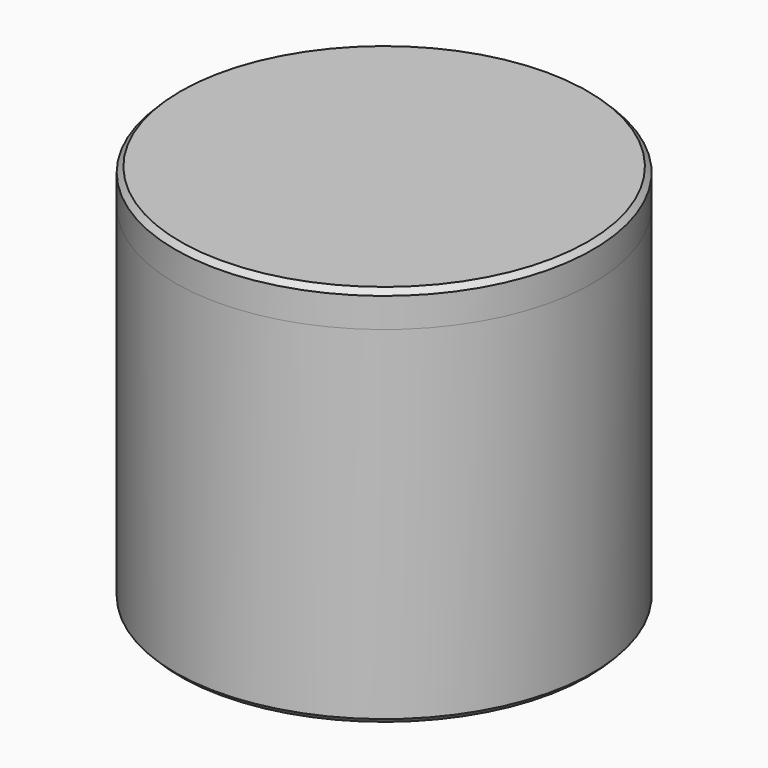
from build123d import *

# Parameters (mm, degrees)
F0_W    = 36.5
F0_H    = 10
F0_W_2  = 21
F0_H_2  = 21
F0_H_3  = 30
F0_W_3  = 3.25
F0_W_4  = 5
F4_SIZE = 1.5
F5_SIZE = 1.5
F6_SIZE = 3


# Not quite as in the source:
# - a feature names something its author has since deleted; it is built from what else it names


with BuildPart() as f1:
    # F0 (on Front) → F1 (revolve)
    with BuildSketch(Plane.XZ):
        Polygon((-60, 47.5), (-60, 37.5), (-44.75, 37.5), (-44.75, 47.5), (-50, 47.5), align=None)
        Polygon((-60, -47.5), (0, -47.5), (0, -32.5), (-25.75, -32.5), (-25.75, -9), (-41.5, -9), (-41.5, 32.5), (-41.5, 34.25), (-44.75, 37.5), (-60, 37.5), align=None)
        Polygon((-55, 52.5), (-60, 52.5), (-60, 47.5), (-50, 47.5), align=None)
    revolve(axis=Axis((0, 0, 13.6922076344), (0, 0, -1)))

    # F5
    f5_edges = [f1.edges().sort_by_distance(p)[0] for p in [
        (60, 0, -47.5),
    ]]
    chamfer(f5_edges, length=F5_SIZE)

    # F6
    f6_edges = [f1.edges().sort_by_distance(p)[0] for p in [
        (25.75, 0, -9),
    ]]
    chamfer(f6_edges, length=F6_SIZE)


with BuildPart() as f2:
    # F0 (on Front) → F2 (revolve)
    with BuildSketch(Plane.XZ):
        Polygon((0, 25.5), (0, 37.5), (-36.5, 37.5), (-36.5, 25.5), (-36.5, 4.5), (-21, 4.5), (-21, 25.5), align=None)
        with Locations((-18.25, 42.5)):
            Rectangle(F0_W, F0_H)
        with Locations((-10.5, 15)):
            Rectangle(F0_W_2, F0_H_2)
        with Locations((-10.5, -10.5)):
            Rectangle(F0_W_2, F0_H_3)
        Polygon((0, 47.5), (0, 62.5), (-60, 62.5), (-60, 52.5), (-55, 52.5), (-50, 47.5), (-44.75, 47.5), (-41.5, 47.5), (-36.5, 47.5), align=None)
    revolve(axis=Axis((0, 0, 13.6922076344), (0, 0, -1)))

    # F4
    f4_edges = [f2.edges().sort_by_distance(p)[0] for p in [
        (60, 0, 62.5),
    ]]
    chamfer(f4_edges, length=F4_SIZE)


with BuildPart() as f3:
    # F0 (on Front) → F3 (revolve)
    with BuildSketch(Plane.XZ):
        with Locations((-43.125, 42.5)):
            Rectangle(F0_W_3, F0_H)
        with Locations((-39, 42.5)):
            Rectangle(F0_W_4, F0_H)
        Polygon((-25.75, -32.5), (0, -32.5), (0, -25.5), (-21, -25.5), (-21, 4.5), (-36.5, 4.5), (-36.5, 25.5), (-36.5, 37.5), (-41.5, 37.5), (-41.5, 34.25), (-41.5, 32.5), (-41.5, -9), (-25.75, -9), align=None)
        Polygon((-41.5, 37.5), (-44.75, 37.5), (-41.5, 34.25), align=None)
    revolve(axis=Axis((0, 0, 13.6922076344), (0, 0, -1)))


solid = Compound([f1.part, f2.part, f3.part])
──────────────────────────────
- _What you should do_:
Omitting the images, transcribe every record exactly.

- _Exercise solution_:
from build123d import *

# Parameters (mm, degrees)
F0_W    = 36.5
F0_H    = 10
F0_W_2  = 21
F0_H_2  = 21
F0_H_3  = 30
F0_W_3  = 3.25
F0_W_4  = 5
F4_SIZE = 1.5
F5_SIZE = 1.5
F6_SIZE = 3


# Not quite as in the source:
# - a feature names something its author has since deleted; it is built from what else it names


with BuildPart() as f1:
    # F0 (on Front) → F1 (revolve)
    with BuildSketch(Plane.XZ):
        Polygon((-60, 47.5), (-60, 37.5), (-44.75, 37.5), (-44.75, 47.5), (-50, 47.5), align=None)
        Polygon((-60, -47.5), (0, -47.5), (0, -32.5), (-25.75, -32.5), (-25.75, -9), (-41.5, -9), (-41.5, 32.5), (-41.5, 34.25), (-44.75, 37.5), (-60, 37.5), align=None)
        Polygon((-55, 52.5), (-60, 52.5), (-60, 47.5), (-50, 47.5), align=None)
    revolve(axis=Axis((0, 0, 13.6922076344), (0, 0, -1)))

    # F5
    f5_edges = [f1.edges().sort_by_distance(p)[0] for p in [
        (60, 0, -47.5),
    ]]
    chamfer(f5_edges, length=F5_SIZE)

    # F6
    f6_edges = [f1.edges().sort_by_distance(p)[0] for p in [
        (25.75, 0, -9),
    ]]
    chamfer(f6_edges, length=F6_SIZE)


with BuildPart() as f2:
    # F0 (on Front) → F2 (revolve)
    with BuildSketch(Plane.XZ):
        Polygon((0, 25.5), (0, 37.5), (-36.5, 37.5), (-36.5, 25.5), (-36.5, 4.5), (-21, 4.5), (-21, 25.5), align=None)
        with Locations((-18.25, 42.5)):
            Rectangle(F0_W, F0_H)
        with Locations((-10.5, 15)):
            Rectangle(F0_W_2, F0_H_2)
        with Locations((-10.5, -10.5)):
            Rectangle(F0_W_2, F0_H_3)
        Polygon((0, 47.5), (0, 62.5), (-60, 62.5), (-60, 52.5), (-55, 52.5), (-50, 47.5), (-44.75, 47.5), (-41.5, 47.5), (-36.5, 47.5), align=None)
    revolve(axis=Axis((0, 0, 13.6922076344), (0, 0, -1)))

    # F4
    f4_edges = [f2.edges().sort_by_distance(p)[0] for p in [
        (60, 0, 62.5),
    ]]
    chamfer(f4_edges, length=F4_SIZE)


with BuildPart() as f3:
    # F0 (on Front) → F3 (revolve)
    with BuildSketch(Plane.XZ):
        with Locations((-43.125, 42.5)):
            Rectangle(F0_W_3, F0_H)
        with Locations((-39, 42.5)):
            Rectangle(F0_W_4, F0_H)
        Polygon((-25.75, -32.5), (0, -32.5), (0, -25.5), (-21, -25.5), (-21, 4.5), (-36.5, 4.5), (-36.5, 25.5), (-36.5, 37.5), (-41.5, 37.5), (-41.5, 34.25), (-41.5, 32.5), (-41.5, -9), (-25.75, -9), align=None)
        Polygon((-41.5, 37.5), (-44.75, 37.5), (-41.5, 34.25), align=None)
    revolve(axis=Axis((0, 0, 13.6922076344), (0, 0, -1)))


solid = Compound([f1.part, f2.part, f3.part])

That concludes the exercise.